Your task
Apart from the pictures, which must be omitted, restate the data exactly.

□ □ □ □

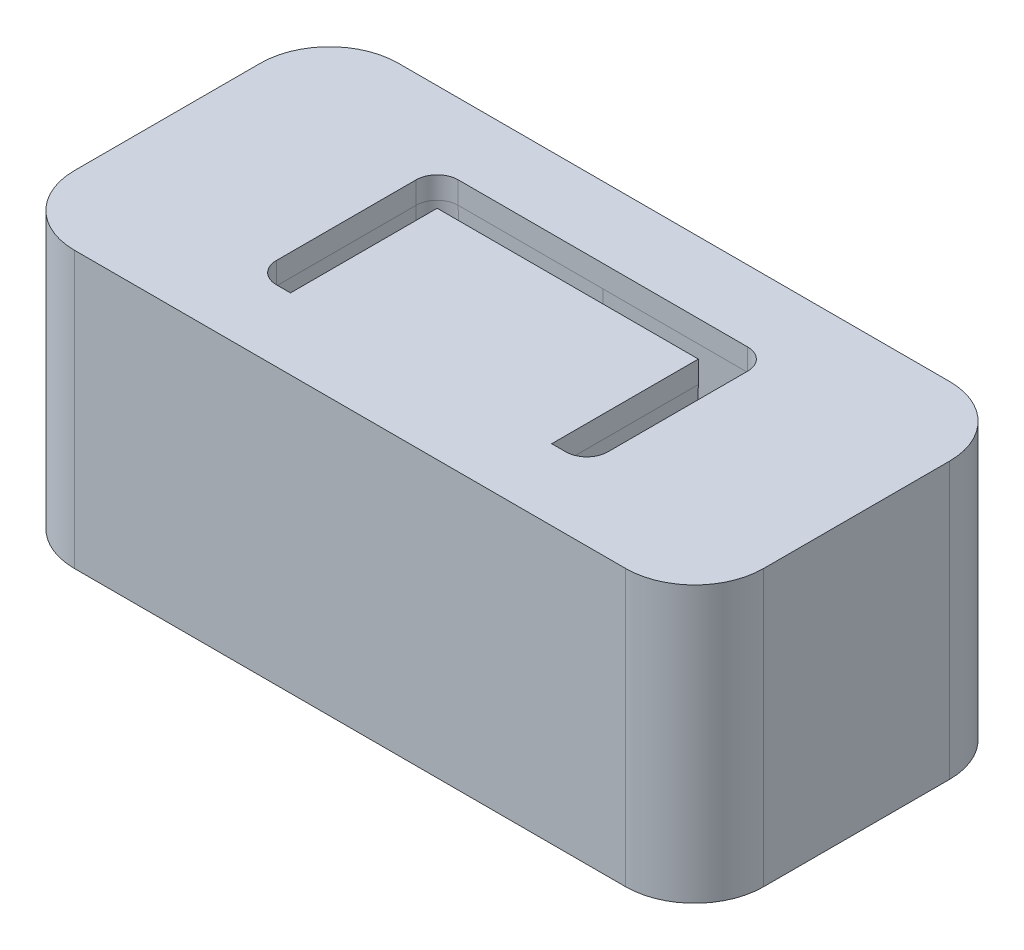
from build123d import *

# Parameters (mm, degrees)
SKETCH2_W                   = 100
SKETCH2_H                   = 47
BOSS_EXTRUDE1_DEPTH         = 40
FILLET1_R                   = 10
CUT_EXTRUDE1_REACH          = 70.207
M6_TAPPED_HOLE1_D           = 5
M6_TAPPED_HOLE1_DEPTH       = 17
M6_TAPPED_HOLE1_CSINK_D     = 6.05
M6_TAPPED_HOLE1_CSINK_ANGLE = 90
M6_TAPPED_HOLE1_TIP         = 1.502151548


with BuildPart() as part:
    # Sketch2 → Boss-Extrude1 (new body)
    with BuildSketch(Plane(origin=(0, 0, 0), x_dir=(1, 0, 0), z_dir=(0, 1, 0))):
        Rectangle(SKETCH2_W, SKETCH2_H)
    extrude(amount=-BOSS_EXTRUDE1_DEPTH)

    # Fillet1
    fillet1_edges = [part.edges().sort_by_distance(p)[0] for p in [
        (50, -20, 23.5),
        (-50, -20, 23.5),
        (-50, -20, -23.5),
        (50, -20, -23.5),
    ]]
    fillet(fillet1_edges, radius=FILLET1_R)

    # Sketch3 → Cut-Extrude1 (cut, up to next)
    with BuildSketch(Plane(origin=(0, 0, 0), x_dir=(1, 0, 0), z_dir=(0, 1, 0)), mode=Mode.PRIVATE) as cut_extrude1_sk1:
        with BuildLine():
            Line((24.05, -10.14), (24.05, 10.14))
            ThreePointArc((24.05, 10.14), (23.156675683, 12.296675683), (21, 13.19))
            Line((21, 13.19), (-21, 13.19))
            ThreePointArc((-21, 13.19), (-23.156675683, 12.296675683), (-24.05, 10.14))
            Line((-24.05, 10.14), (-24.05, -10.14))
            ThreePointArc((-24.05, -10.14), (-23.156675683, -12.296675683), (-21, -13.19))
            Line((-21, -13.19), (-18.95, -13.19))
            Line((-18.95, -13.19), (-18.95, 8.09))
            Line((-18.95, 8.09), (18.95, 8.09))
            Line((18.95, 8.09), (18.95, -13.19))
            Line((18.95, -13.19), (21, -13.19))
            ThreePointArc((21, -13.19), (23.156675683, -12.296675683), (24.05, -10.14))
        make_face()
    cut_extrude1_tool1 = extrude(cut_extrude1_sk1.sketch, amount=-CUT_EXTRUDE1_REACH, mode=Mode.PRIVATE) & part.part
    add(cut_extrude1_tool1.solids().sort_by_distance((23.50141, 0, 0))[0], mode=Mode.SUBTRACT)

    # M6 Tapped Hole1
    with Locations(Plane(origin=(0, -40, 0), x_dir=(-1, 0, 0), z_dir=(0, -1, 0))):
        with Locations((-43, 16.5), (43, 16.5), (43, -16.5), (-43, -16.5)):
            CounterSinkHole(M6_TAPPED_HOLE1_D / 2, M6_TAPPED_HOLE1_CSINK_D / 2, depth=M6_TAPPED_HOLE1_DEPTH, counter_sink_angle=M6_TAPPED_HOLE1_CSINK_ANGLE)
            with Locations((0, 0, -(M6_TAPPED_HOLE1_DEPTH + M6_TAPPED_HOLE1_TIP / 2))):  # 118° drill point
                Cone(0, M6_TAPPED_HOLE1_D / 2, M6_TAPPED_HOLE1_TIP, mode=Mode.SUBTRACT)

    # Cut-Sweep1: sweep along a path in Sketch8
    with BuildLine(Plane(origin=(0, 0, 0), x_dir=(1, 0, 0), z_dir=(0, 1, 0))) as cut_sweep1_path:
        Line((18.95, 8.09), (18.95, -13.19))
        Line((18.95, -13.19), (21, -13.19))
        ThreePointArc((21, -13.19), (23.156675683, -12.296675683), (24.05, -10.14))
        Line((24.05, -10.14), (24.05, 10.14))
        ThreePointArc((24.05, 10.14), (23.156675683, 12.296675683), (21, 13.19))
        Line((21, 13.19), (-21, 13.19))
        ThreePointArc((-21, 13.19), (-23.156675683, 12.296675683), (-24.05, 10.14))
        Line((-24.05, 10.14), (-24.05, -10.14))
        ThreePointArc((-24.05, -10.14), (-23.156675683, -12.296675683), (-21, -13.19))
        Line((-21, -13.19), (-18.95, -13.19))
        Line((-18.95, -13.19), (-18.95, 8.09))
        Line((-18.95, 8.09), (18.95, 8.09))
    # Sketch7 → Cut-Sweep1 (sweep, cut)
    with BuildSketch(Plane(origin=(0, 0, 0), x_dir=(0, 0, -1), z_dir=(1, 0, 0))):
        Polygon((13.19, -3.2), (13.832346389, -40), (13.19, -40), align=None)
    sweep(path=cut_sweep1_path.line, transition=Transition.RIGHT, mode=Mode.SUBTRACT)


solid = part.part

□ □ □ □

Exercise response
from build123d import *

# Parameters (mm, degrees)
SKETCH2_W                   = 100
SKETCH2_H                   = 47
BOSS_EXTRUDE1_DEPTH         = 40
FILLET1_R                   = 10
CUT_EXTRUDE1_REACH          = 70.207
M6_TAPPED_HOLE1_D           = 5
M6_TAPPED_HOLE1_DEPTH       = 17
M6_TAPPED_HOLE1_CSINK_D     = 6.05
M6_TAPPED_HOLE1_CSINK_ANGLE = 90
M6_TAPPED_HOLE1_TIP         = 1.502151548


with BuildPart() as part:
    # Sketch2 → Boss-Extrude1 (new body)
    with BuildSketch(Plane(origin=(0, 0, 0), x_dir=(1, 0, 0), z_dir=(0, 1, 0))):
        Rectangle(SKETCH2_W, SKETCH2_H)
    extrude(amount=-BOSS_EXTRUDE1_DEPTH)

    # Fillet1
    fillet1_edges = [part.edges().sort_by_distance(p)[0] for p in [
        (50, -20, 23.5),
        (-50, -20, 23.5),
        (-50, -20, -23.5),
        (50, -20, -23.5),
    ]]
    fillet(fillet1_edges, radius=FILLET1_R)

    # Sketch3 → Cut-Extrude1 (cut, up to next)
    with BuildSketch(Plane(origin=(0, 0, 0), x_dir=(1, 0, 0), z_dir=(0, 1, 0)), mode=Mode.PRIVATE) as cut_extrude1_sk1:
        with BuildLine():
            Line((24.05, -10.14), (24.05, 10.14))
            ThreePointArc((24.05, 10.14), (23.156675683, 12.296675683), (21, 13.19))
            Line((21, 13.19), (-21, 13.19))
            ThreePointArc((-21, 13.19), (-23.156675683, 12.296675683), (-24.05, 10.14))
            Line((-24.05, 10.14), (-24.05, -10.14))
            ThreePointArc((-24.05, -10.14), (-23.156675683, -12.296675683), (-21, -13.19))
            Line((-21, -13.19), (-18.95, -13.19))
            Line((-18.95, -13.19), (-18.95, 8.09))
            Line((-18.95, 8.09), (18.95, 8.09))
            Line((18.95, 8.09), (18.95, -13.19))
            Line((18.95, -13.19), (21, -13.19))
            ThreePointArc((21, -13.19), (23.156675683, -12.296675683), (24.05, -10.14))
        make_face()
    cut_extrude1_tool1 = extrude(cut_extrude1_sk1.sketch, amount=-CUT_EXTRUDE1_REACH, mode=Mode.PRIVATE) & part.part
    add(cut_extrude1_tool1.solids().sort_by_distance((23.50141, 0, 0))[0], mode=Mode.SUBTRACT)

    # M6 Tapped Hole1
    with Locations(Plane(origin=(0, -40, 0), x_dir=(-1, 0, 0), z_dir=(0, -1, 0))):
        with Locations((-43, 16.5), (43, 16.5), (43, -16.5), (-43, -16.5)):
            CounterSinkHole(M6_TAPPED_HOLE1_D / 2, M6_TAPPED_HOLE1_CSINK_D / 2, depth=M6_TAPPED_HOLE1_DEPTH, counter_sink_angle=M6_TAPPED_HOLE1_CSINK_ANGLE)
            with Locations((0, 0, -(M6_TAPPED_HOLE1_DEPTH + M6_TAPPED_HOLE1_TIP / 2))):  # 118° drill point
                Cone(0, M6_TAPPED_HOLE1_D / 2, M6_TAPPED_HOLE1_TIP, mode=Mode.SUBTRACT)

    # Cut-Sweep1: sweep along a path in Sketch8
    with BuildLine(Plane(origin=(0, 0, 0), x_dir=(1, 0, 0), z_dir=(0, 1, 0))) as cut_sweep1_path:
        Line((18.95, 8.09), (18.95, -13.19))
        Line((18.95, -13.19), (21, -13.19))
        ThreePointArc((21, -13.19), (23.156675683, -12.296675683), (24.05, -10.14))
        Line((24.05, -10.14), (24.05, 10.14))
        ThreePointArc((24.05, 10.14), (23.156675683, 12.296675683), (21, 13.19))
        Line((21, 13.19), (-21, 13.19))
        ThreePointArc((-21, 13.19), (-23.156675683, 12.296675683), (-24.05, 10.14))
        Line((-24.05, 10.14), (-24.05, -10.14))
        ThreePointArc((-24.05, -10.14), (-23.156675683, -12.296675683), (-21, -13.19))
        Line((-21, -13.19), (-18.95, -13.19))
        Line((-18.95, -13.19), (-18.95, 8.09))
        Line((-18.95, 8.09), (18.95, 8.09))
    # Sketch7 → Cut-Sweep1 (sweep, cut)
    with BuildSketch(Plane(origin=(0, 0, 0), x_dir=(0, 0, -1), z_dir=(1, 0, 0))):
        Polygon((13.19, -3.2), (13.832346389, -40), (13.19, -40), align=None)
    sweep(path=cut_sweep1_path.line, transition=Transition.RIGHT, mode=Mode.SUBTRACT)


solid = part.part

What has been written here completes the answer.